Section 222. Exceptions as to Period of Limitation of Assessment and Collection of Taxes. —

....

(b) If before the expiration of the time prescribed in Section 203 for the assessment of the tax,
both the Commissioner and the taxpayer have agreed in writing to its assessment after such time,
the tax may be assessed within the period agreed upon. The period so agreed upon may be
extended by subsequent written agreement made before the expiration of the period previously
agreed upon.

....

(d) Any internal revenue tax, which has been assessed within the period agreed upon as provided
in paragraph (b) hereinabove, may be collected by distraint or levy or by a proceeding in court
within the period agreed upon in writing before the expiration of the five (5)-year period. The
period so agreed upon may be extended by subsequent written agreements made before the
expiration of the period previously agreed upon.

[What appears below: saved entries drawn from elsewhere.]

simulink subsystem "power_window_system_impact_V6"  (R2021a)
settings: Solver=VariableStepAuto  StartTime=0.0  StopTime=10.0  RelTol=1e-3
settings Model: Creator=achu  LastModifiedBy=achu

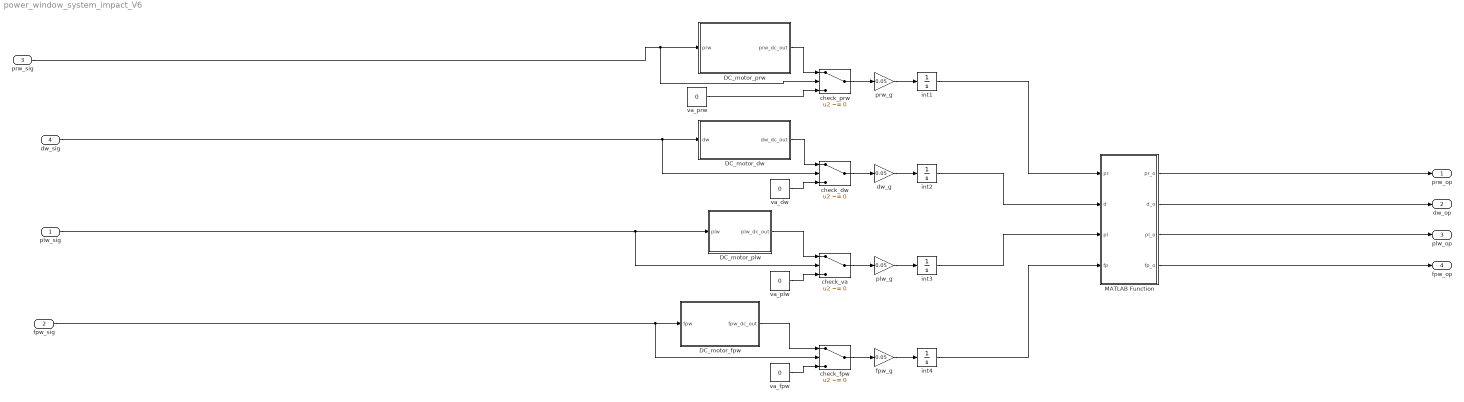
== system power_window_system_impact_V6 ==
  plw_sig : Inport
  fpw_sig : Inport  Port=2
  prw_sig : Inport  Port=3
  dw_sig : Inport  Port=4
  DC_motor_dw : Subsystem
  DC_motor_fpw : Subsystem
  DC_motor_plw : Subsystem
  DC_motor_prw : Subsystem
  MATLAB Function : MATLAB Function  TreatAsAtomicUnit=on
  check_dw : Switch  Criteria=u2 ~= 0
  check_fpw : Switch  Criteria=u2 ~= 0
  check_prw : Switch  Criteria=u2 ~= 0
  check_va : Switch  Criteria=u2 ~= 0
  dw_g : Gain  Gain=0.05
  fpw_g : Gain  Gain=0.05
  int{1..4} (4 alike) : Integrator  InitialCondition=0.0001
      settings: AttributesFormatString=%<InitialCondition>
  plw_g : Gain  Gain=0.05
  prw_g : Gain  Gain=0.05
  va_dw : Constant  Value=0
  va_fpw : Constant  Value=0
  va_plw : Constant  Value=0
  va_prw : Constant  Value=0
  prw_op : Outport
  dw_op : Outport  Port=2
  plw_op : Outport  Port=3
  fpw_op : Outport  Port=4
  wires:
  fpw_sig/1 -> DC_motor_fpw/1(fpw), check_fpw/2
  dw_sig/1 -> check_dw/2, DC_motor_dw/1(dw)
  va_plw/1 -> check_va/3
  check_va/1 -> plw_g/1
  va_prw/1 -> check_prw/3
  DC_motor_plw/1(plw_dc_out) -> check_va/1
  dw_g/1 -> int2/1
  int4/1 -> MATLAB Function/4(fp)
  int3/1 -> MATLAB Function/3(pl)
  check_fpw/1 -> fpw_g/1
  check_dw/1 -> dw_g/1
  DC_motor_prw/1(prw_dc_out) -> check_prw/1
  va_fpw/1 -> check_fpw/3
  check_prw/1 -> prw_g/1
  int2/1 -> MATLAB Function/2(d)
  fpw_g/1 -> int4/1
  plw_g/1 -> int3/1
  MATLAB Function/1(pr_o) -> prw_op/1
  int1/1 -> MATLAB Function/1(pr)
  prw_sig/1 -> DC_motor_prw/1(prw), check_prw/2
  prw_g/1 -> int1/1
  va_dw/1 -> check_dw/3
  plw_sig/1 -> check_va/2, DC_motor_plw/1(plw)
  DC_motor_dw/1(dw_dc_out) -> check_dw/1
  MATLAB Function/2(d_o) -> dw_op/1
  MATLAB Function/3(pl_o) -> plw_op/1
  MATLAB Function/4(fp_o) -> fpw_op/1
  DC_motor_fpw/1(fpw_dc_out) -> check_fpw/1

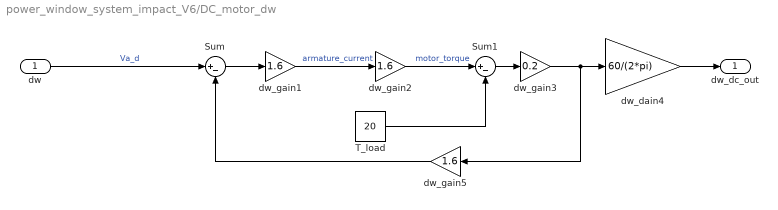
== system power_window_system_impact_V6/DC_motor_dw ==
  dw : Inport
  Sum : Sum  Inputs=|+-
  Sum1 : Sum  Inputs=|+-
  T_load : Constant  Value=20
  dw_dain4 : Gain  Gain=60/(2*pi)
  dw_gain1 : Gain  Gain=1.6
  dw_gain2 : Gain  Gain=1.6
  dw_gain3 : Gain  Gain=0.2
  dw_gain5 : Gain  Gain=1.6
  dw_dc_out : Outport
  wires:
  dw/1 -> Sum/1  "Va_d"
  dw_gain3/1 -> dw_dain4/1, dw_gain5/1
  T_load/1 -> Sum1/2
  dw_gain1/1 -> dw_gain2/1  "armature_current"
  dw_gain5/1 -> Sum/2
  dw_dain4/1 -> dw_dc_out/1
  Sum/1 -> dw_gain1/1
  Sum1/1 -> dw_gain3/1
  dw_gain2/1 -> Sum1/1  "motor_torque"

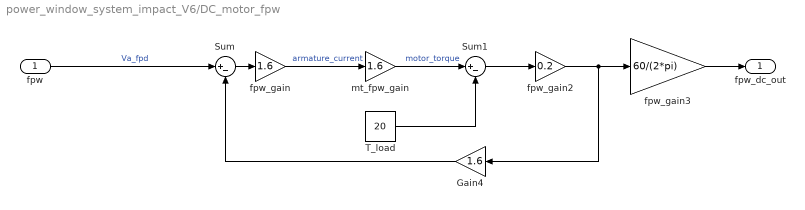
== system power_window_system_impact_V6/DC_motor_fpw ==
  fpw : Inport
  Gain4 : Gain  Gain=1.6
  Sum : Sum  Inputs=|+-
  Sum1 : Sum  Inputs=|+-
  T_load : Constant  Value=20
  fpw_gain : Gain  Gain=1.6
  fpw_gain2 : Gain  Gain=0.2
  fpw_gain3 : Gain  Gain=60/(2*pi)
  mt_fpw_gain : Gain  Gain=1.6
  fpw_dc_out : Outport
  wires:
  fpw/1 -> Sum/1  "Va_fpd"
  fpw_gain2/1 -> fpw_gain3/1, Gain4/1
  T_load/1 -> Sum1/2
  fpw_gain/1 -> mt_fpw_gain/1  "armature_current"
  Gain4/1 -> Sum/2
  fpw_gain3/1 -> fpw_dc_out/1
  Sum/1 -> fpw_gain/1
  Sum1/1 -> fpw_gain2/1
  mt_fpw_gain/1 -> Sum1/1  "motor_torque"

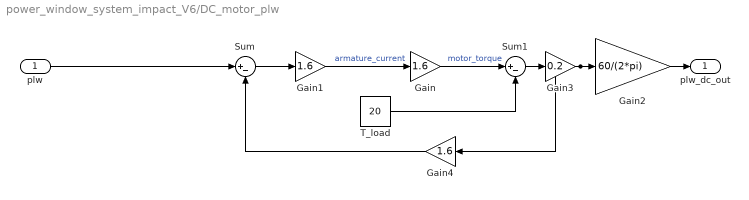
== system power_window_system_impact_V6/DC_motor_plw ==
  plw : Inport
  Gain : Gain  Gain=1.6
  Gain1 : Gain  Gain=1.6
  Gain2 : Gain  Gain=60/(2*pi)
  Gain3 : Gain  Gain=0.2
  Gain4 : Gain  Gain=1.6
  Sum : Sum  Inputs=|+-
  Sum1 : Sum  Inputs=|+-
  T_load : Constant  Value=20
  plw_dc_out : Outport
  wires:
  plw/1 -> Sum/1
  Gain3/1 -> Gain2/1, Gain4/1
  T_load/1 -> Sum1/2
  Gain1/1 -> Gain/1  "armature_current"
  Gain4/1 -> Sum/2
  Gain2/1 -> plw_dc_out/1
  Sum/1 -> Gain1/1
  Sum1/1 -> Gain3/1
  Gain/1 -> Sum1/1  "motor_torque"

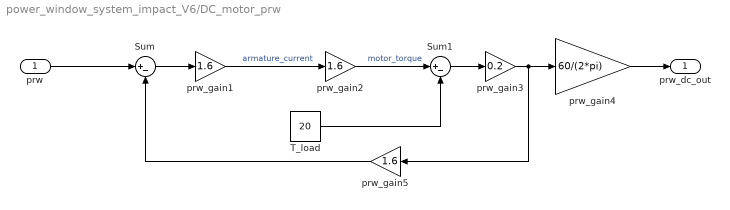
== system power_window_system_impact_V6/DC_motor_prw ==
  prw : Inport
  Sum : Sum  Inputs=|+-
  Sum1 : Sum  Inputs=|+-
  T_load : Constant  Value=20
  prw_gain1 : Gain  Gain=1.6
  prw_gain2 : Gain  Gain=1.6
  prw_gain3 : Gain  Gain=0.2
  prw_gain4 : Gain  Gain=60/(2*pi)
  prw_gain5 : Gain  Gain=1.6
  prw_dc_out : Outport
  wires:
  prw/1 -> Sum/1
  prw_gain3/1 -> prw_gain4/1, prw_gain5/1
  T_load/1 -> Sum1/2
  prw_gain1/1 -> prw_gain2/1  "armature_current"
  prw_gain5/1 -> Sum/2
  prw_gain4/1 -> prw_dc_out/1
  Sum/1 -> prw_gain1/1
  Sum1/1 -> prw_gain3/1
  prw_gain2/1 -> Sum1/1  "motor_torque"

== matlab function power_window_system_impact_V6/MATLAB Function ==
  data: pr input; pr_o output; d input; pl input; fp input; d_o output; pl_o output; fp_o output
function [pr_o,d_o, pl_o, fp_o] = fcn(pr, d, pl, fp)
if pr>=10
    prout=10;
elseif pr<=0
    prout=0;
else
    prout=pr;
end

if d>=10
    dout=10;
elseif d<=0
    dout=0;
else
    dout=d;
end

if pl>=10
    plout=10;
elseif pl<=0
    plout=0;
else
    plout=pr;
end

if fp>=10
    fpout=10;
elseif fp<=0
    fpout=0;
else
    fpout=fp;
end
pr_o=prout;
d_o=dout;
pl_o=plout;
fp_o=fpout;

Thus, the period to assess and collect taxes may be extended upon the Commissioner and the
taxpayer's written agreement, executed before the expiration of the three (3)-year period.

In this case, two (2) waivers were supposedly executed by the parties extending the prescriptive
periods for assessment of income tax, VAT, and expanded and final withholding taxes to January
14, 2003, and then to April 14, 2003.

The Court of Tax Appeals, both the Special First Division and En Banc, declared the two (2)
Waivers of the Defense of Prescription defective and void, for the Commissioner's failure to
furnish signed copies of the Waivers to Avon, in violation of the requirements provided in
Revenue Memorandum Order No. 20-90.

Indeed, a Waiver of the Defense of Prescription is a bilateral agreement between a taxpayer and
the Bureau of Internal Revenue to extend the period of assessment and collection to a certain
date. "The requirement to furnish the taxpayer with a copy of the waiver is not only to give
notice of the existence of the document but of the acceptance by the [Bureau of Internal
Revenue] and the perfection of the agreement."
Here, Avon claimed that it did not receive any benefit from the waivers. On the contrary, there
was even a drastic increase in the assessed deficiency taxes when the Commissioner increased
the alleged sales discrepancy from P15,700,000.00 in the preliminary findings to P62,900,000.00
in the Preliminary Assessment Notice and Final Assessment Notices. Furthermore, Avon was
compelled to pay a portion of the deficiency assessments "in compliance with the Revenue
Officer's condition in the hope of cancelling the assessments on the non-existent sales
discrepancy." Under these circumstances, Avon's payment of an insignificant portion of the
assessment cannot be deemed an admission or recognition of the validity of the waivers.